A mulher morava no meio do mato, mas Deus lhe trouxe uma nova chance

Quantas pessoas se sentem invisíveis todos os dias; sejam idosos esquecidos pela família que lutaram para criar ou pessoas que vivem em condições desumanas. Entre elas, estava Dona Célia, uma catadora de latinhas de 59 anos que vivia no meio do mato, em um barraquinho improvisado. Suas paredes eram algumas árvores espaçadas, e o teto, folhas das árvores.

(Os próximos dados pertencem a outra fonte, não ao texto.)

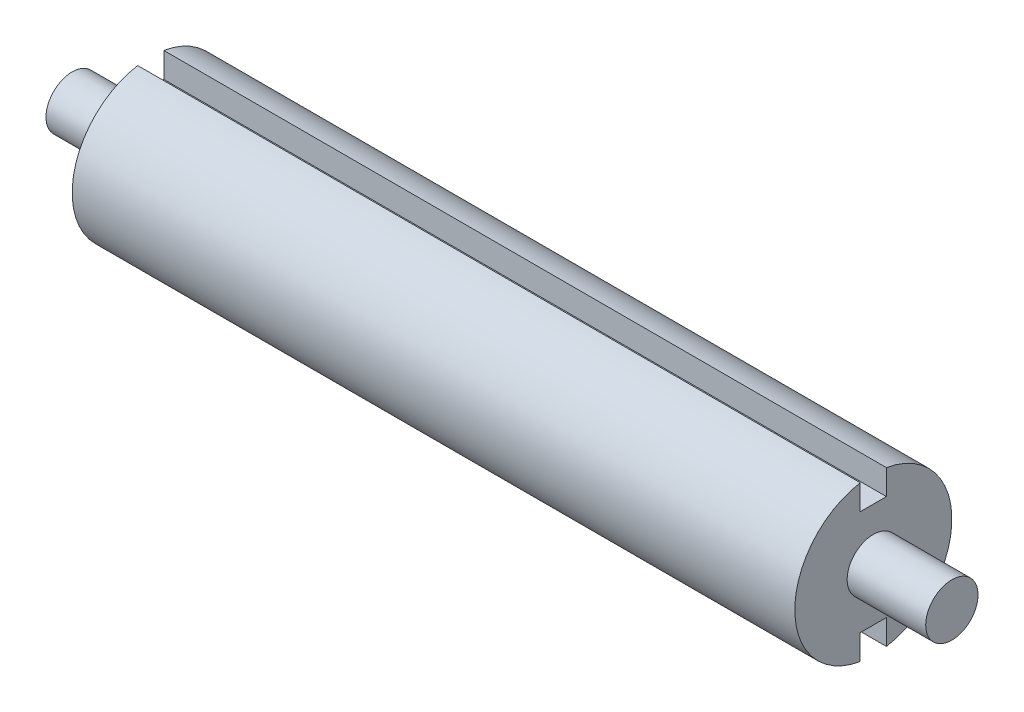
from build123d import *

# Parameters (mm, degrees)
SKETCH2_W          = 6.35
SKETCH2_H          = 6.35
CUT_EXTRUDE1_DEPTH = 195.31


with BuildPart() as part:
    # Sketch1 → Revolve1 (revolve)
    with BuildSketch(Plane(origin=(0, 0, 0), x_dir=(1, 0, 0), z_dir=(0, 1, 0))):
        Polygon((-106.68, 0), (106.68, 0), (106.68, 6.35), (87.63, 6.35), (87.63, 19.05), (-87.63, 19.05), (-87.63, 6.35), (-106.68, 6.35), align=None)
    revolve(axis=Axis((-106.68, 0, 0), (1, 0, 0)))

    # Sketch2 → Cut-Extrude1 (cut, through all)
    with BuildSketch(Plane(origin=(87.63, 0, 0), x_dir=(0, 0, -1), z_dir=(1, 0, 0))):
        with Locations((0, 15.875)):
            Rectangle(SKETCH2_W, SKETCH2_H)
        with Locations((0, -15.875)):
            Rectangle(SKETCH2_W, SKETCH2_H)
    extrude(amount=-CUT_EXTRUDE1_DEPTH, mode=Mode.SUBTRACT)


solid = part.part
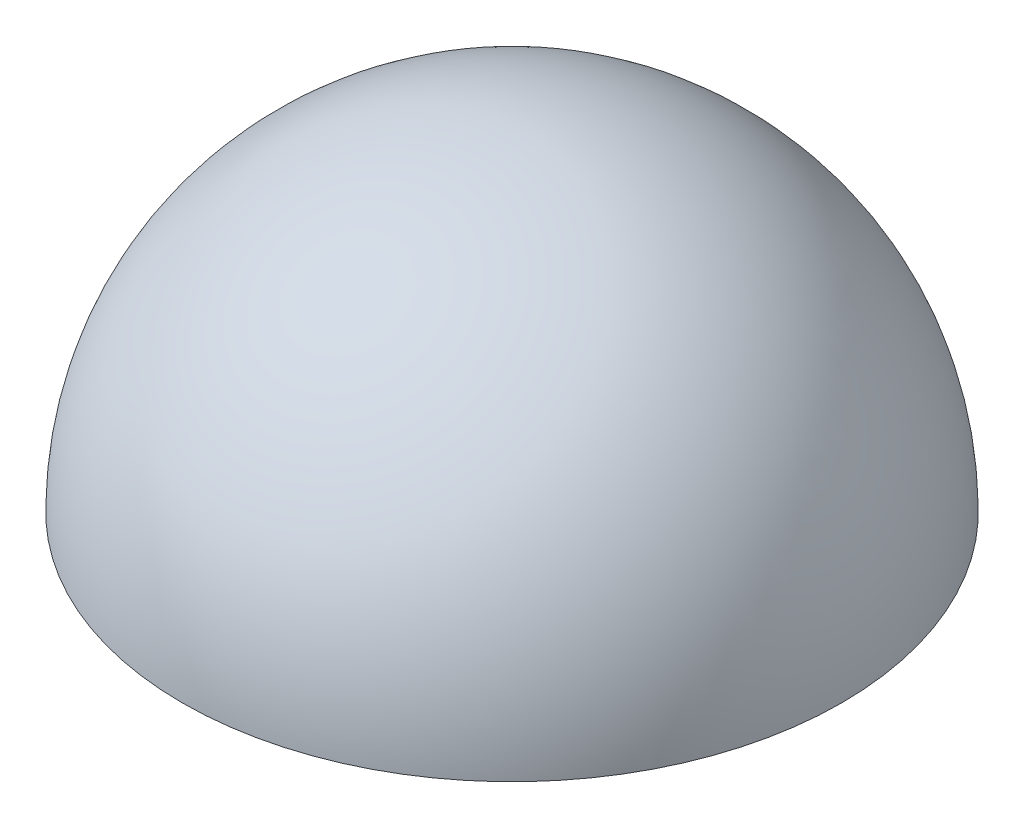
from build123d import *


with BuildPart() as part:
    # Sketch1 → Revolve1 (revolve)
    with BuildSketch(Plane.XY):
        with BuildLine():
            Line((0, 3.2), (0, 3.8))
            ThreePointArc((0, 3.8), (2.687005769, 2.687005769), (3.8, 0))
            Line((3.8, 0), (3.2, 0))
            ThreePointArc((3.2, 0), (2.2627417, 2.2627417), (0, 3.2))
        make_face()
    revolve(axis=Axis((0, 3.1, 0), (0, -1, 0)))


with BuildPart() as body_2:
    # Sketch2 → Revolve2 (revolve)
    with BuildSketch(Plane.XY):
        with BuildLine():
            Line((0, 3.1), (0, 0))
            Line((0, 0), (3.1, 0))
            ThreePointArc((3.1, 0), (2.192031022, 2.192031022), (0, 3.1))
        make_face()
    revolve(axis=Axis((0, 3.1, 0), (0, -1, 0)))


solid = Compound([part.part, body_2.part])

Todos os dias, ela perambulava pela cidade recolhendo materiais recicláveis para vender e ter algum dinheiro para comer. Porém, infelizmente nem sempre isso era possível, pois seu corpo já estava cansado e dolorido. Foi em um desses dias que Dona Célia encontrou um anjo em sua vida, certamente enviada por uma força maior.

De frente com a verdade

Ela olhou e viu, sem a cegueira coletiva que se costuma ter ao andar nas ruas. A moradora de rua estava chorando em um canto quando Fran, uma transeunte local, realmente a enxergou. Ao perguntar do porquê das lágrimas, Dona Célia disse que estava com muita fome e suas costas doíam, por causa do saco com as latinhas.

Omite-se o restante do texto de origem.